Work task:
Among the records below, find the lines with the word "PRIVATE" and copy them.

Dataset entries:
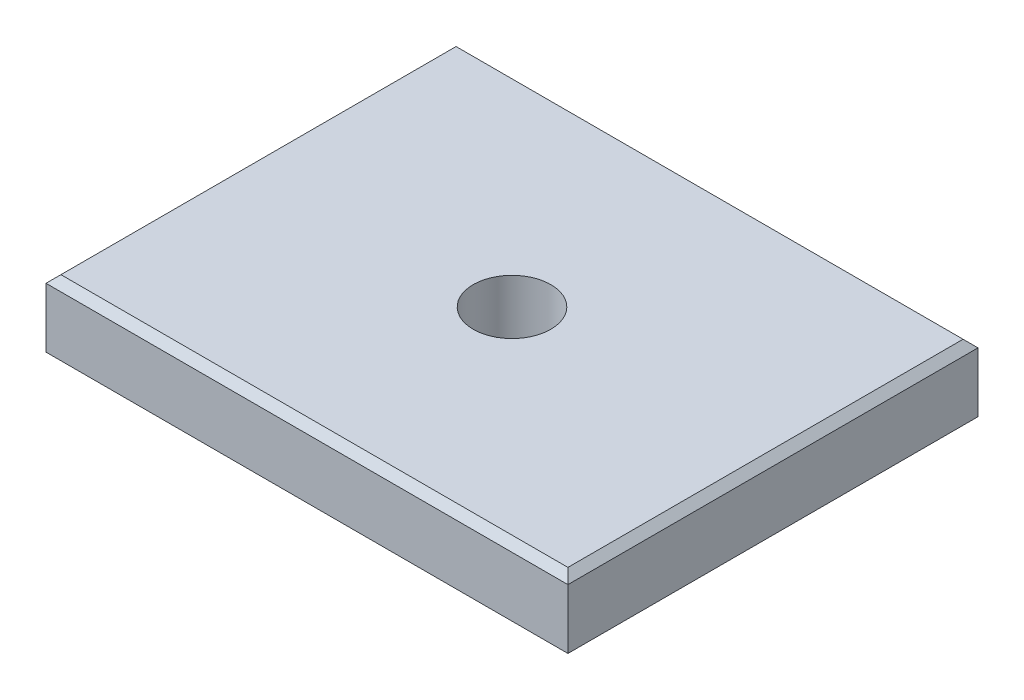
from build123d import *

# Parameters (mm, degrees)
SKETCH1_W           = 70
SKETCH1_H           = 55
BOSS_EXTRUDE1_DEPTH = 10
CHAMFER1_SIZE       = 1
SKETCH2_R           = 5.2
CUT_EXTRUDE1_DEPTH  = 46.620718977


with BuildPart() as part:
    # Sketch1 → Boss-Extrude1 (new body)
    with BuildSketch(Plane(origin=(0, 0, 0), x_dir=(1, 0, 0), z_dir=(0, 1, 0))):
        Rectangle(SKETCH1_W, SKETCH1_H)
    extrude(amount=-BOSS_EXTRUDE1_DEPTH)

    # Chamfer1
    chamfer1_edges = [part.edges().sort_by_distance(p)[0] for p in [
        (0, -10, -27.5),
        (-35, -10, 0),
        (0, -10, 27.5),
        (35, -10, 0),
        (0, 0, 27.5),
        (-35, 0, 0),
        (0, 0, -27.5),
        (35, 0, 0),
    ]]
    chamfer(chamfer1_edges, length=CHAMFER1_SIZE)

    # Sketch2 → Cut-Extrude1 (cut, through all)
    with BuildSketch(Plane(origin=(0, 0, 0), x_dir=(1, 0, 0), z_dir=(0, 1, 0))):
        Circle(SKETCH2_R)
    extrude(amount=-CUT_EXTRUDE1_DEPTH, mode=Mode.SUBTRACT)


solid = part.part
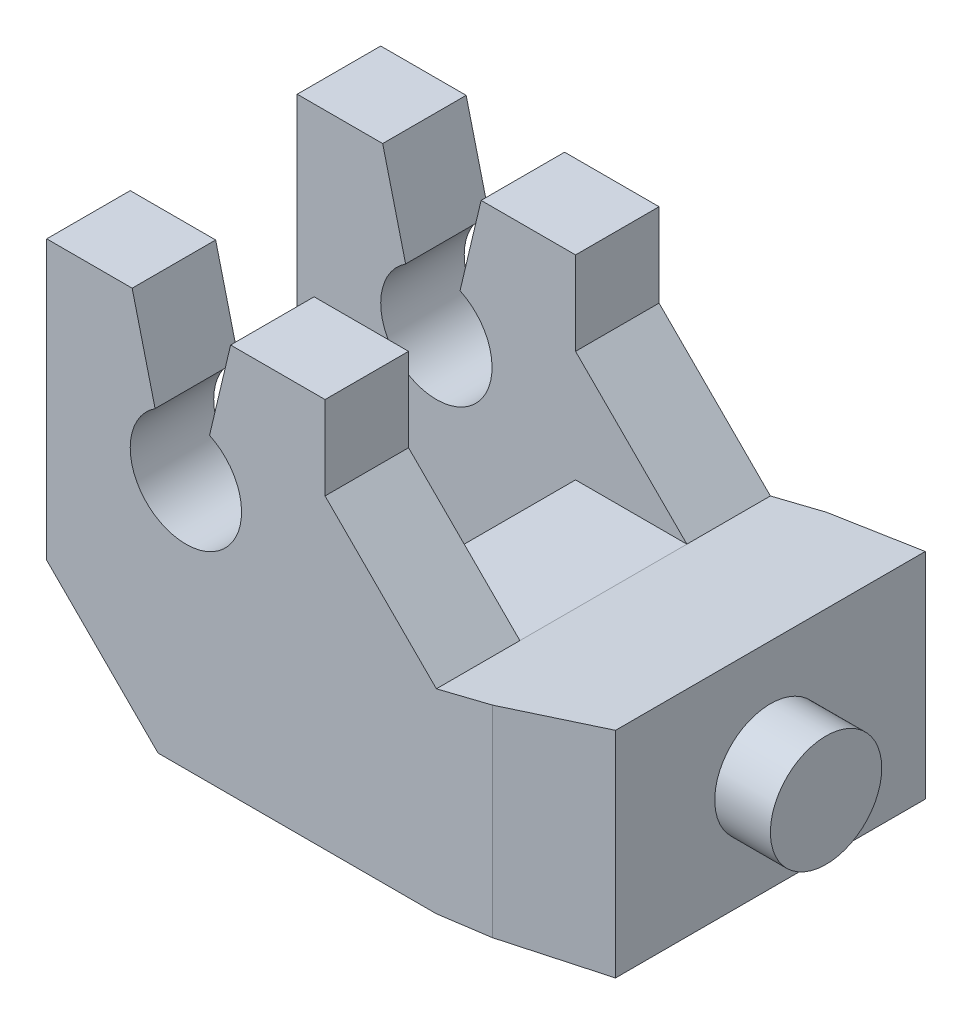
from build123d import *

# Parameters (mm, degrees)
SKETCH1_R               = 10
BOSS_EXTRUDE2_DEPTH     = 30
SKETCH4_R               = 10
CUT_EXTRUDE1_DEPTH      = 15
CHAMFER1_SIZE           = 20
CUT_EXTRUDE2_DEPTH      = 174.638139858
CUT_EXTRUDE2_DEPTH_BACK = 174.638139858
BOSS_EXTRUDE3_DEPTH     = 45
CUT_EXTRUDE3_DEPTH      = 198.547978004
CUT_EXTRUDE3_DEPTH_BACK = 15
SKETCH6_3_R             = 9
SKETCH8_W               = 15
SKETCH8_H               = 36
BOSS_EXTRUDE4_DEPTH     = 45.000002
SKETCH10_R              = 9
CUT_EXTRUDE4_DEPTH      = 198.547978004
BOSS_EXTRUDE5_DEPTH     = 10
CHAMFER2_SIZE           = 12
CUT_EXTRUDE5_DEPTH      = 40
CUT_EXTRUDE6_DEPTH      = 217.852953896
CUT_EXTRUDE6_DEPTH_BACK = 217.852953896
SKETCH14_OUTSIDE_W      = 287.488
SKETCH14_OUTSIDE_H      = 112.488
SKETCH14_OUTSIDE_W_2    = 100
SKETCH14_OUTSIDE_H_2    = 60
SKETCH15_R              = 10
BOSS_EXTRUDE6_DEPTH     = 10
CUT_EXTRUDE7_REACH      = 115.359


# Some blends are built 0.0001 mm under size
with BuildPart() as part:
    # Sketch1 → Boss-Extrude2 (new, symmetric)
    # profile 1 of 3: a face of its own
    with BuildSketch(Plane.XY):
        Polygon((25, -10), (-4.997737685, -45.002262315), (-25, -25), (-25, 25), (25, 25), align=None)
        Circle(SKETCH1_R, mode=Mode.SUBTRACT)
    # profile 2 of 3: a face of its own
    with BuildSketch(Plane.XY):
        Polygon((45, -10), (25, -10), (-4.997737685, -45.002262315), (45.002262315, -45.002262315), (75, -41.079226753), (75, -2.548159698), align=None)
    # profile 3 of 3: a face of its own
    with BuildSketch(Plane.XY):
        Polygon((130, 11.113547523), (75, -2.548159698), (75, -41.079226753), (130, -33.886452477), (165, -33.886452477), (165, 11.113547523), align=None)
    extrude(amount=BOSS_EXTRUDE2_DEPTH, both=True)

    # Sketch4 → Cut-Extrude1 (cut, symmetric)
    with BuildSketch(Plane.XY):
        Polygon((25, -10), (-4.997737685, -45.002262315), (-25, -25), (-25, 25), (25, 25), align=None)
        Circle(SKETCH4_R, mode=Mode.SUBTRACT)
    extrude(amount=CUT_EXTRUDE1_DEPTH, both=True, mode=Mode.SUBTRACT)

    # Chamfer1
    chamfer1_edges = [part.edges().sort_by_distance(p)[0] for p in [
        (25, -10, -22.5),
        (25, -10, 22.5),
    ]]
    chamfer(chamfer1_edges, length=CHAMFER1_SIZE - 0.0001)  # a hair under: the kernel refuses the full size

    # Sketch5 → Cut-Extrude2 (cut, two sides: drawn at the far end of the back side and taken through both)
    with BuildSketch(Plane(origin=(0, 0, 0), x_dir=(1, 0, 0), z_dir=(0, 1, 0)).offset(-CUT_EXTRUDE2_DEPTH_BACK)):
        Polygon((165, -30), (165, -18), (55.074227224, -30), align=None)
        Polygon((165, 18), (165, 30), (55.074227224, 30), align=None)
    extrude(amount=CUT_EXTRUDE2_DEPTH + CUT_EXTRUDE2_DEPTH_BACK, mode=Mode.SUBTRACT)

    # Sketch6 → Boss-Extrude3 (add)
    with BuildSketch(Plane(origin=(165, 0, 0), x_dir=(0, 0, -1), z_dir=(1, 0, 0))):
        with BuildLine():
            Line((-18, -33.886452477), (18, -33.886452477))
            Line((18, -33.886452477), (18, -17.886452477))
            ThreePointArc((18, -17.886452477), (0, -25.375680921), (-18, -17.886452477))
            Line((-18, -17.886452477), (-18, -33.886452477))
        make_face()
    extrude(amount=BOSS_EXTRUDE3_DEPTH)

    # Sketch6<3> → Cut-Extrude3 (cut, two sides: drawn at the far end of the back side and taken through both)
    with BuildSketch(Plane(origin=(165, 0, 0), x_dir=(0, 0, -1), z_dir=(1, 0, 0)).offset(-CUT_EXTRUDE3_DEPTH_BACK)):
        with Locations(Location((0, -1.886452477, 0), (0, 0, 90))):
            Circle(SKETCH6_3_R)
    extrude(amount=CUT_EXTRUDE3_DEPTH + CUT_EXTRUDE3_DEPTH_BACK, mode=Mode.SUBTRACT)

    # Sketch8 → Boss-Extrude4 (add)
    with BuildSketch(Plane.XZ.offset(33.886452477)):
        with Locations((202.5, 0)):
            Rectangle(SKETCH8_W, SKETCH8_H)
    extrude(amount=-BOSS_EXTRUDE4_DEPTH)

    # Sketch10 → Cut-Extrude4 (cut, through all)
    with BuildSketch(Plane(origin=(165, 0, 0), x_dir=(0, 0, -1), z_dir=(1, 0, 0))):
        with Locations(Location((0, -1.886452477, 0), (0, 0, 90))):
            Circle(SKETCH10_R)
    extrude(amount=CUT_EXTRUDE4_DEPTH, mode=Mode.SUBTRACT)

    # Sketch11 → Boss-Extrude5 (add)
    with BuildSketch(Plane.XZ.offset(33.886452477)):
        Polygon((130, 21.82076004), (130, -21.82076004), (165, -18), (210, -18), (210, 18), (165, 18), align=None)
    extrude(amount=BOSS_EXTRUDE5_DEPTH)

    # Chamfer2
    # the kernel refuses this chamfer: 12 mm, written as the material it takes off along each edge
    with BuildSketch(Plane(origin=(130, -43.886452477, 52.680955896), x_dir=(-0.02749587661058907, 0.9996219169112965, 0), z_dir=(0, 0, -1))) as chamfer2_piece_1_section:
        Polygon((CHAMFER2_SIZE * 0.999621916911, CHAMFER2_SIZE * 0.0274958766106), (-CHAMFER2_SIZE * 0.0274958766106, CHAMFER2_SIZE * 0.999621916911), (0, 0), align=None)
    chamfer2_piece_1 = extrude(amount=105.361911791, mode=Mode.PRIVATE)
    chamfer2_piece_1 = split(chamfer2_piece_1, bisect_by=Plane(origin=(133.216907805, -33.465752628, 0), z_dir=(0.1296735244167249, -0.9915567442488328, 0)), keep=Keep.TOP, mode=Mode.PRIVATE)
    add(chamfer2_piece_1, mode=Mode.SUBTRACT)

    # Sketch13 → Cut-Extrude5 (cut)
    with BuildSketch(Plane.XY.offset(18)):
        with BuildLine():
            Line((165, -17.886452477), (195, -17.886452477))
            ThreePointArc((195, -17.886452477), (180, -25.224548687), (165, -17.886452477))
        make_face()
    extrude(amount=-CUT_EXTRUDE5_DEPTH, mode=Mode.SUBTRACT)

    # Sketch14 outside → Cut-Extrude6 (cut, two sides: drawn at the far end of the back side and taken through both)
    with BuildSketch(Plane(origin=(0, 0, 0), x_dir=(1, 0, 0), z_dir=(0, 1, 0)).offset(-CUT_EXTRUDE6_DEPTH_BACK)):
        with Locations((92.5, 0)):
            Rectangle(SKETCH14_OUTSIDE_W, SKETCH14_OUTSIDE_H)
        with Locations((25, 0)):
            Rectangle(SKETCH14_OUTSIDE_W_2, SKETCH14_OUTSIDE_H_2, mode=Mode.SUBTRACT)
    extrude(amount=CUT_EXTRUDE6_DEPTH + CUT_EXTRUDE6_DEPTH_BACK, mode=Mode.SUBTRACT)

    # Sketch15 → Boss-Extrude6 (add)
    with BuildSketch(Plane(origin=(75, 0, 0), x_dir=(0, 0, -1), z_dir=(1, 0, 0))):
        with Locations((0, -22.3255367)):
            Circle(SKETCH15_R)
    extrude(amount=BOSS_EXTRUDE6_DEPTH)

    # Cut-Extrude7: up to this face of the body (flat: up to its plane)
    cut_extrude7_end = Plane(part.part.faces().sort_by_distance((12.358249011, -13.375403826, 30))[0])
    # Sketch16 → Cut-Extrude7 (cut, up to the picked face)
    with BuildSketch(Plane(origin=(0, 0, -30), x_dir=(-1, 0, 0), z_dir=(0, 0, -1)), mode=Mode.PRIVATE) as cut_extrude7_sk1:
        with BuildLine():
            Line((-8.033000326, 25), (-4.250478251, 9.051708935))
            ThreePointArc((-4.250478251, 9.051708935), (0.734596104, 9.972981929), (5.530881389, 8.331227464))
            Line((5.530881389, 8.331227464), (9.650814715, 25))
            Line((9.650814715, 25), (-8.033000326, 25))
        make_face()
    cut_extrude7_tool1 = split(extrude(cut_extrude7_sk1.sketch, amount=-CUT_EXTRUDE7_REACH, mode=Mode.PRIVATE), bisect_by=cut_extrude7_end, keep=Keep.BOTH, mode=Mode.PRIVATE)
    add(cut_extrude7_tool1.solids().sort_by(Axis((-0.802445, 17.957811, -30), (0, 0, 1)))[0], mode=Mode.SUBTRACT)


solid = part.part

Solution to this task:
    chamfer2_piece_1 = extrude(amount=105.361911791, mode=Mode.PRIVATE)
    chamfer2_piece_1 = split(chamfer2_piece_1, bisect_by=Plane(origin=(133.216907805, -33.465752628, 0), z_dir=(0.1296735244167249, -0.9915567442488328, 0)), keep=Keep.TOP, mode=Mode.PRIVATE)
    with BuildSketch(Plane(origin=(0, 0, -30), x_dir=(-1, 0, 0), z_dir=(0, 0, -1)), mode=Mode.PRIVATE) as cut_extrude7_sk1:
    cut_extrude7_tool1 = split(extrude(cut_extrude7_sk1.sketch, amount=-CUT_EXTRUDE7_REACH, mode=Mode.PRIVATE), bisect_by=cut_extrude7_end, keep=Keep.BOTH, mode=Mode.PRIVATE)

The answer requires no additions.